では、NitroとAIRの違いはどこにあるのか。Curlの幹部によると、コンシューマー向けRIAに適しているAIRとは異なり、Nitroは企業向けのRIAに照準を合わせているという。大きなサイズのデータ・セットを扱えたり、認証を受けていないRIAを企業ネットワークから締め出したりする機能を備えているからだ。
また、強力なセキュリティもNitroの特徴だと、Curlのディベロッパー・リレーションズ担当バイスプレジデント、リチャード・モンソンヘーフェル(Richard Monson-Haefel)氏は強調する。「Nitroは強力なセキュリティ・モデルをサポートしている。Nitroはサンドボックスのみで稼働し、ローカル・ストレージへのアクセスも制限される」(Monson-Haefel氏)
Curlの製品戦略担当バイスプレジデント、リチャード・トレッドウェイ(Richard Treadway)氏は、Curlのデフォルト・セキュリティ・モデルの下では、RIAを安全なサンドボックス・エリアに限って稼働させることができると説明する。このRIAを利用するには有効な認証機関の承認が必要であり、特権付与プロセスにエンドユーザーは関与しない。
「Nitroの場合、デスクトップで使用するRIAに完全な特権を認めるかどうかをエンドユーザー側で判断する必要はない。有効な認証機関の署名と一定の妥当性を備えたアプリケーションしか使うことができないからだ。(そのRIAが)悪意あるものでないと保証することはできないが、コードの出所がどこなのかを把握することはできる」(Treadway氏)

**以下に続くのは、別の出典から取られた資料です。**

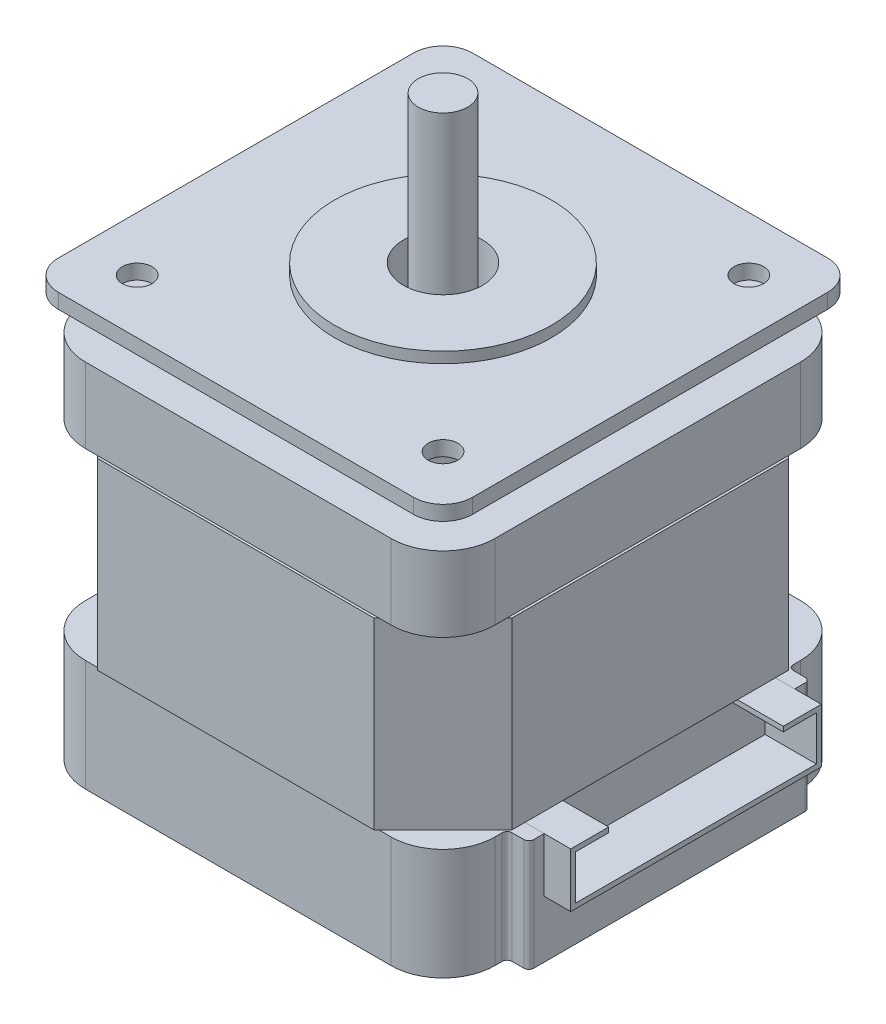
SolidWorks part; units mm, degrees
other "Shaft"
other "MountFlange"
other "Stator"
other "Cap"
other "Plug"
ref_plane "Front Plane" through (0, 0, 0) normal (0, 0, 1) x (1, 0, 0)
ref_plane "Top Plane" through (0, 0, 0) normal (0, 1, 0) x (1, 0, 0)
ref_plane "Right Plane" through (0, 0, 0) normal (1, 0, 0) x (0, 0, -1)
sketch "Sketch1" plane through (0, 0, 0) normal (0, 1, 0) x (1, 0, 0)
  line L1 (-20.75, 20.75) -> (20.75, 20.75)
  line L2 (-20.75, 20.75) -> (-20.75, -20.75)
  line L3 (-20.75, -20.75) -> (20.75, -20.75)
  line L4 (20.75, 20.75) -> (20.75, -20.75)
  line L5 (-20.75, 20.75) -> (20.75, -20.75) construction
  line L6 (-20.75, -20.75) -> (20.75, 20.75) construction
  point P0 (0, 0)
  dimension "D1" = 41.5
extrude "Boss-Extrude1" add sketch "Sketch1" along normal blind 11.3
sketch "Sketch2" plane through (0, 11.3, 0) normal (0, 1, 0) x (1, 0, 0)
  line L1 (-21, 21) -> (21, 21)
  line L2 (-21, 21) -> (-21, -21)
  line L3 (-21, -21) -> (21, -21)
  line L4 (21, 21) -> (21, -21)
  line L5 (-21, 21) -> (21, -21) construction
  line L6 (-21, -21) -> (21, 21) construction
  point P0 (0, 0)
  dimension "D1" = 42
extrude "Boss-Extrude2" add sketch "Sketch2" along normal blind 18.6 separate body
chamfer "Chamfer1" distance 7 angle 45 4 edges at (21, 20.6, 21) (-21, 20.6, 21) (-21, 20.6, -21) (21, 20.6, -21)
sketch "Sketch6" plane through (0, 29.9, 0) normal (0, 1, 0) x (1, 0, 0)
  line L1 (-20.75, 20.75) -> (20.75, 20.75)
  line L2 (-20.75, 20.75) -> (-20.75, -20.75)
  line L3 (-20.75, -20.75) -> (20.75, -20.75)
  line L4 (20.75, 20.75) -> (20.75, -20.75)
  line L5 (-20.75, 20.75) -> (20.75, -20.75) construction
  line L6 (-20.75, -20.75) -> (20.75, 20.75) construction
  point P0 (0, 0)
  dimension "D1" = 41.5
extrude "Boss-Extrude3" add sketch "Sketch6" along normal blind 7.6 separate body
sketch "Sketch7" plane through (0, 37.5, 0) normal (0, 1, 0) x (1, 0, 0)
  circle A0 centre (0, 0) radius 17.5
  dimension "D1" = 35
extrude "Boss-Extrude4" add sketch "Sketch7" along normal blind 3.5
sketch "Sketch8" plane through (0, 41, 0) normal (0, 1, 0) x (1, 0, 0)
  line L1 (21, -21) -> (-21, -21)
  line L2 (21, -21) -> (21, 21)
  line L3 (21, 21) -> (-21, 21)
  line L4 (-21, -21) -> (-21, 21)
  line L5 (21, -21) -> (-21, 21) construction
  line L6 (21, 21) -> (-21, -21) construction
  point P0 (0, 0)
  dimension "D1" = 42
extrude "Boss-Extrude5" add sketch "Sketch8" along normal blind 1.5
fillet "Fillet1" radius 5.25 4 edges at (-20.75, 5.65, 20.75) (-20.75, 5.65, -20.75) (20.75, 5.65, -20.75) (20.75, 5.65, 20.75)
fillet "Fillet2" radius 5.25 4 edges at (20.75, 33.7, 20.75) (-20.75, 33.7, 20.75) (-20.75, 33.7, -20.75) (20.75, 33.7, -20.75)
fillet "Fillet3" radius 3 4 edges at (-21, 41.75, 21) (21, 41.75, 21) (21, 41.75, -21) (-21, 41.75, -21)
sketch "Sketch9" plane through (0, 42.5, 0) normal (0, 1, 0) x (1, 0, 0)
  circle A0 centre (0, 0) radius 11
  dimension "D1" = 22
extrude "Boss-Extrude6" add sketch "Sketch9" along normal blind 1.1
sketch "Sketch4" plane through (0, 0, 0) normal (0, -1, 0) x (1, 0, 0)
  line L1 (-15.5, 15.5) -> (15.5, 15.5) construction
  line L2 (-15.5, 15.5) -> (-15.5, -15.5) construction
  line L3 (-15.5, -15.5) -> (15.5, -15.5) construction
  line L4 (15.5, 15.5) -> (15.5, -15.5) construction
  line L5 (-15.5, 15.5) -> (15.5, -15.5) construction
  line L6 (-15.5, -15.5) -> (15.5, 15.5) construction
  circle A0 centre (-15.5, -15.5) radius 1.5
  circle A1 centre (15.5, -15.5) radius 1.5
  circle A2 centre (15.5, 15.5) radius 1.5
  circle A3 centre (-15.5, 15.5) radius 1.5
  circle A4 centre (0, 0) radius 4
  point P0 (0, 0)
  dimension "D2" = 3
  dimension "D3" = 8
  dimension "D1" = 31
extrude "Cut-Extrude1" cut sketch "Sketch4" against normal through all
ref_plane "Plane1" through (0, 58.5, 0) normal (0, -1, 0) x (-1, 0, 0)
sketch "Sketch10" plane through (0, 58.5, 0) normal (0, -1, 0) x (-1, 0, 0)
  circle A0 centre (0, 0) radius 2.5
  dimension "D1" = 5
extrude "Boss-Extrude7" add sketch "Sketch10" along normal offset from surface (53 mm away) 5.5 separate body up to face at (15.5, 0, -17)
sketch "Sketch11" plane through (20.75, 0, 0) normal (1, 0, 0) x (0, 0, -1)
  line L0 (0, 11.3) -> (0, 0) construction
  line L1 (-15.5, 11.3) -> (15.5, 11.3) construction
  line L2 (-15.5, 0) -> (15.5, 0) construction
  line L4 (-14.25, 11.3) -> (14.25, 11.3)
  line L5 (-14.25, 11.3) -> (-14.25, 0)
  line L6 (-14.25, 0) -> (14.25, 0)
  line L7 (14.25, 11.3) -> (14.25, 0)
  dimension "D1" = 28.5
extrude "Boss-Extrude8" add sketch "Sketch11" along normal offset from surface (2.2 mm away) 43.7 up to face at (-20.75, 5.65, 0)
sketch "Sketch12" plane through (22.95, 0, 0) normal (1, 0, 0) x (0, 0, -1)
  line L0 (0, 11.3) -> (0, 0) construction
  line L1 (14.25, 11.3) -> (-14.25, 11.3) construction
  line L2 (-14.25, 0) -> (14.25, 0) construction
  line L4 (-12.7, 11.3) -> (12.7, 11.3)
  line L5 (-12.7, 11.3) -> (-12.7, 5.8)
  line L6 (-12.7, 5.8) -> (12.7, 5.8)
  line L7 (12.7, 11.3) -> (12.7, 5.8)
  dimension "D1" = 25.4
  dimension "D2" = 5.5
extrude "Cut-Extrude2" cut sketch "Sketch12" against normal blind 3
fillet "Fillet4" radius 0.5 4 edges at (20.75, 5.65, -14.25) (22.95, 5.65, -14.25) (22.95, 5.65, 14.25) (20.75, 5.65, 14.25)
sketch "Sketch13" plane through (19.95, 0, 0) normal (1, 0, 0) x (0, 0, -1)
  line L4 (-12.7, 11.3) -> (-12.7, 5.8)
  line L5 (-12.7, 5.8) -> (12.7, 5.8)
  line L6 (12.7, 5.8) -> (12.7, 11.3)
  line L7 (12.7, 11.3) -> (-12.7, 11.3)
  line L8 (-12.7, 11.3) -> (-12.7, 5.8)
  line L9 (-12.7, 5.8) -> (12.7, 5.8)
  line L10 (12.7, 5.8) -> (12.7, 11.3)
  line L11 (12.7, 11.3) -> (-12.7, 11.3)
  dimension "D1" = 0
extrude "Boss-Extrude9" add sketch "Sketch13" along normal blind 0.5 separate body
sketch "Sketch14" plane through (20.45, 0, 0) normal (1, 0, 0) x (0, 0, -1)
  line L0 (8.85, 11.3) -> (12.7, 11.3)
  line L1 (12.7, 11.3) -> (-12.7, 11.3) construction
  line L2 (12.7, 11.3) -> (12.7, 5.8)
  line L3 (12.7, 5.8) -> (-12.7, 5.8)
  line L4 (-12.7, 5.8) -> (12.7, 5.8) construction
  line L5 (0, 5.8) -> (0, 6.3) construction
  line L6 (-12.2, 6.3) -> (12.2, 6.3)
  line L7 (12.2, 6.3) -> (12.2, 10.8)
  line L8 (12.2, 10.8) -> (8.85, 10.8)
  line L9 (8.85, 10.8) -> (8.85, 11.3)
  line L10 (12.2, 10.8) -> (12.7, 10.8) construction
  line L11 (-12.2, 10.8) -> (-12.7, 10.8) construction
  line L12 (-8.85, 10.8) -> (-8.85, 11.3)
  line L13 (-12.2, 10.8) -> (-8.85, 10.8)
  line L14 (-12.2, 6.3) -> (-12.2, 10.8)
  line L15 (-12.7, 11.3) -> (-12.7, 5.8)
  line L16 (-8.85, 11.3) -> (-12.7, 11.3)
  dimension "D1" = 0.5
  dimension "D2" = 17.7
extrude "Boss-Extrude10" add sketch "Sketch14" along normal offset from surface (5.2 mm away) 46.4 up to face at (-20.75, 5.65, 0)

さらにNitroでは、Curl言語で記述されたネーティブ・アプリケーションが動作する。この言語は、マサチューセッツ工科大学(MIT)で10年前に誕生したリッチ・クライアント専用のプログラミング言語だ。ネーティブなCurlアプリケーションの場合、「AIRよりもパフォーマンスが高い」(Monson-Haefel氏)というメリットが得られる。
Curlによると、Curl言語対応リッチ・クライアント開発ツールを採用している企業は全世界で300社に上っており、その大半はソニーや松下電器産業など日本の大手企業だという。